» Problem description:
Show every line below where "ellipse" can be found.

Dataset items:
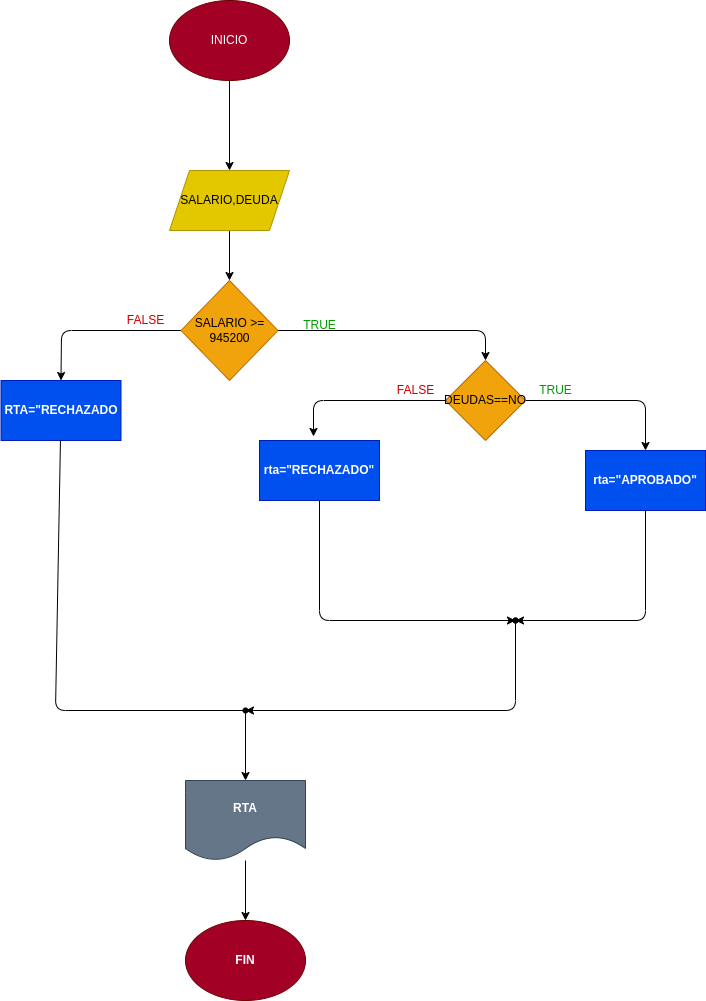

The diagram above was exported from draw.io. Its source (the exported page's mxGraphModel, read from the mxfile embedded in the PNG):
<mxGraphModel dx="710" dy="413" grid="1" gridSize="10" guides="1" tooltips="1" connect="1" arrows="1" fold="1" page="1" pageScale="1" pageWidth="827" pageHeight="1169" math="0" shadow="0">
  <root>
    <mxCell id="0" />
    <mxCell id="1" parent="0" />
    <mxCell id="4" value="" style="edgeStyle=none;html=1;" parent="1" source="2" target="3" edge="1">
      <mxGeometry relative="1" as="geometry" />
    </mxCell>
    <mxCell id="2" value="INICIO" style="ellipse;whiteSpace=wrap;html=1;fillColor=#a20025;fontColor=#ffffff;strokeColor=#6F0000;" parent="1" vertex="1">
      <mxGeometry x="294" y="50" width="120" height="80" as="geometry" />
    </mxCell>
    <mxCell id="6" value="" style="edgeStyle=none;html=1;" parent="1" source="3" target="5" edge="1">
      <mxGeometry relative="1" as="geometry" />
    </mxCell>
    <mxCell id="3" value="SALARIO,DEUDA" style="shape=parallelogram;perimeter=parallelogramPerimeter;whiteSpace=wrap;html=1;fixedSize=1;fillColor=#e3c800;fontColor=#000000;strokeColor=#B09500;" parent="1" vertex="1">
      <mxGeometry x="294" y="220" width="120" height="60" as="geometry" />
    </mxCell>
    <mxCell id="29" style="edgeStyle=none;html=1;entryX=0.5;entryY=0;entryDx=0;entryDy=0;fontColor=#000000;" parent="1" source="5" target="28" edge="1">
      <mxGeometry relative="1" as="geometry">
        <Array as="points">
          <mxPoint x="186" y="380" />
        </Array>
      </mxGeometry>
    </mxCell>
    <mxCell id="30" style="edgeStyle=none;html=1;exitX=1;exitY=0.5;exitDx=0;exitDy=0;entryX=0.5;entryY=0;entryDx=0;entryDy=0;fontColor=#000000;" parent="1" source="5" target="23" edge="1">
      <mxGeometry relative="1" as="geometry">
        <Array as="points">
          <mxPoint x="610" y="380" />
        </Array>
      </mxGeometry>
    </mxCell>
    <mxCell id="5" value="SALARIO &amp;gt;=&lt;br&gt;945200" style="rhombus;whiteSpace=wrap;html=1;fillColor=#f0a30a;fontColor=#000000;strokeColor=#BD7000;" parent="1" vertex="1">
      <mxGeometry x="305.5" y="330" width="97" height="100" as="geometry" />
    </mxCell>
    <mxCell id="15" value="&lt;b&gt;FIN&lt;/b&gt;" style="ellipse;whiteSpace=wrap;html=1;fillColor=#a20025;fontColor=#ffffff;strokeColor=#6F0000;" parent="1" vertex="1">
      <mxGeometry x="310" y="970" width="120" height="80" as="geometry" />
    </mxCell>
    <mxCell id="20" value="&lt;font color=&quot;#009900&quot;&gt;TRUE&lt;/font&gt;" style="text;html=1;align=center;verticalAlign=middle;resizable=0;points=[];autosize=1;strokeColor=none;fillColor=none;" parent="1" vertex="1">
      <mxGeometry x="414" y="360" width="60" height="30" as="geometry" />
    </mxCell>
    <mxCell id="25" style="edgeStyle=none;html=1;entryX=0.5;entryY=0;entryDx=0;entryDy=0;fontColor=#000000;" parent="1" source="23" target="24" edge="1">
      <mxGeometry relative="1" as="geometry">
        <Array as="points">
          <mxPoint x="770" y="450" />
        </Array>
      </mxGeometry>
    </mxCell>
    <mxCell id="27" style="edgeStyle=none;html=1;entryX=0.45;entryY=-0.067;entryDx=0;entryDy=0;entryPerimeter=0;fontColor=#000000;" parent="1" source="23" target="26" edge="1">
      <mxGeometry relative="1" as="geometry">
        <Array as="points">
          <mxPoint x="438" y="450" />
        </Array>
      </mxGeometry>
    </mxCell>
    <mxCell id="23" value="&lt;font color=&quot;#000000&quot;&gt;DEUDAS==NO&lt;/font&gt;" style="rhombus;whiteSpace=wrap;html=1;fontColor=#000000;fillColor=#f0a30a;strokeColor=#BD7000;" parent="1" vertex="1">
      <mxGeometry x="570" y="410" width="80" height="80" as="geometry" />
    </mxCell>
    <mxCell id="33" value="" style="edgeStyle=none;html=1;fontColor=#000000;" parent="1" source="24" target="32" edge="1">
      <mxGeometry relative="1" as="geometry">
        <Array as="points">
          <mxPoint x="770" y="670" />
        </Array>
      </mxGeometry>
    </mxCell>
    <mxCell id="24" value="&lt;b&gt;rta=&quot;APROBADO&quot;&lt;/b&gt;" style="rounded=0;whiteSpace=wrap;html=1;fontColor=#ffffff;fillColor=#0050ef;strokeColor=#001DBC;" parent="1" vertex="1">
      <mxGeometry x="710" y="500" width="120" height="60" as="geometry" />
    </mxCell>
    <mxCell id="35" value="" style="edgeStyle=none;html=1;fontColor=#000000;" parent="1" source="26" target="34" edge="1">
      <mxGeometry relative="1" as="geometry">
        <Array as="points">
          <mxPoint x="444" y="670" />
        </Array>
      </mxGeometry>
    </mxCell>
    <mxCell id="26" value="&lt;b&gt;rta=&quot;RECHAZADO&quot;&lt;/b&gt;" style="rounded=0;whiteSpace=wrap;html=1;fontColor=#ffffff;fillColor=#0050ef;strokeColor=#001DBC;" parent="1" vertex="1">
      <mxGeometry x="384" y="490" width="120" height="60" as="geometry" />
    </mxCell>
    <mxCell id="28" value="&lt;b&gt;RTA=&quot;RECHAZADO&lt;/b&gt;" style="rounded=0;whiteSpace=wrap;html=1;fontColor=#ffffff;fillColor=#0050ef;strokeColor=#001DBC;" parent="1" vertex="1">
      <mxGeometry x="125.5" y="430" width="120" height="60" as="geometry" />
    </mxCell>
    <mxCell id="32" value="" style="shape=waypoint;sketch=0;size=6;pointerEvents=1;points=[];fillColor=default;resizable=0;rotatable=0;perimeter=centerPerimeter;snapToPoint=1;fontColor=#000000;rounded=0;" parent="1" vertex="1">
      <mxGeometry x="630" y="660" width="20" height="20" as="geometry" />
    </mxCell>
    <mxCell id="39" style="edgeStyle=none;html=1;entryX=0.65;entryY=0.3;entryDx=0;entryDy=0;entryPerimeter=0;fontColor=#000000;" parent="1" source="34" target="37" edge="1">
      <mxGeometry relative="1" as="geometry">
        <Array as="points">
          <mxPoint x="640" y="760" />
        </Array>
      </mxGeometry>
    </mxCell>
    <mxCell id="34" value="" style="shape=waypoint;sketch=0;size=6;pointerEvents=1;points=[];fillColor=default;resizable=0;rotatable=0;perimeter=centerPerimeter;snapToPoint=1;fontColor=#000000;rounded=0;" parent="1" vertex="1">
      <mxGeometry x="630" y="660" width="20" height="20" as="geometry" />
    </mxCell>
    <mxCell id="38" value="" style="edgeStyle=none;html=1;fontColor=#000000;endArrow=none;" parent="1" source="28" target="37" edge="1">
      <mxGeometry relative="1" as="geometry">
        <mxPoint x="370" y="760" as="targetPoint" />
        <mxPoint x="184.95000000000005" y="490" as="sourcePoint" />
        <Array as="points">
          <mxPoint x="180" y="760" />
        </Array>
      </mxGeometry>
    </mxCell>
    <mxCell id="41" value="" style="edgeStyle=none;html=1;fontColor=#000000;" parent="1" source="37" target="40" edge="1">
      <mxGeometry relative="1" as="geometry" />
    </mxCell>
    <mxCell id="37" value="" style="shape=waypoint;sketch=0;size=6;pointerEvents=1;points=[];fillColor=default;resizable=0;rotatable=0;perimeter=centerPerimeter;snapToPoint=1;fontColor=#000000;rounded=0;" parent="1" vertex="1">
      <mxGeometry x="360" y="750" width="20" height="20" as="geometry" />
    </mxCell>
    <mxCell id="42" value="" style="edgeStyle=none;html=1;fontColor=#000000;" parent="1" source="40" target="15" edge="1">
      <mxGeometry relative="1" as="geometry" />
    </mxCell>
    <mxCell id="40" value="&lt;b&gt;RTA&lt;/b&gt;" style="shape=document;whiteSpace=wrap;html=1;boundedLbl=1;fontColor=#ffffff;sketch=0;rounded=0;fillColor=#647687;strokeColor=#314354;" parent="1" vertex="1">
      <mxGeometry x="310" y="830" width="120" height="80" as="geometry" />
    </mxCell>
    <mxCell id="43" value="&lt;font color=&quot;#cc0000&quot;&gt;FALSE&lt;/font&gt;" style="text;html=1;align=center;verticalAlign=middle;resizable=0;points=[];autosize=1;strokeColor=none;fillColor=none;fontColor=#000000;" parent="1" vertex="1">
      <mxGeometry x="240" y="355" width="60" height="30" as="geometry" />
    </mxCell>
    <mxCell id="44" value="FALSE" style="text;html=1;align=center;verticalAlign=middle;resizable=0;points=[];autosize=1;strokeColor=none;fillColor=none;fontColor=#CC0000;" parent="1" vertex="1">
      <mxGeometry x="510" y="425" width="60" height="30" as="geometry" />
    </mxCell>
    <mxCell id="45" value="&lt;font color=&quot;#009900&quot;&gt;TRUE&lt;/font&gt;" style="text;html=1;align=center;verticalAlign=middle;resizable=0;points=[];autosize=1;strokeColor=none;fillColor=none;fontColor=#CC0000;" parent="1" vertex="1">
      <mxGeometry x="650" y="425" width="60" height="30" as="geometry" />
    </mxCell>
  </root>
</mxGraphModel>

» Task output:
    <mxCell id="2" value="INICIO" style="ellipse;whiteSpace=wrap;html=1;fillColor=#a20025;fontColor=#ffffff;strokeColor=#6F0000;" parent="1" vertex="1">
    <mxCell id="15" value="&lt;b&gt;FIN&lt;/b&gt;" style="ellipse;whiteSpace=wrap;html=1;fillColor=#a20025;fontColor=#ffffff;strokeColor=#6F0000;" parent="1" vertex="1">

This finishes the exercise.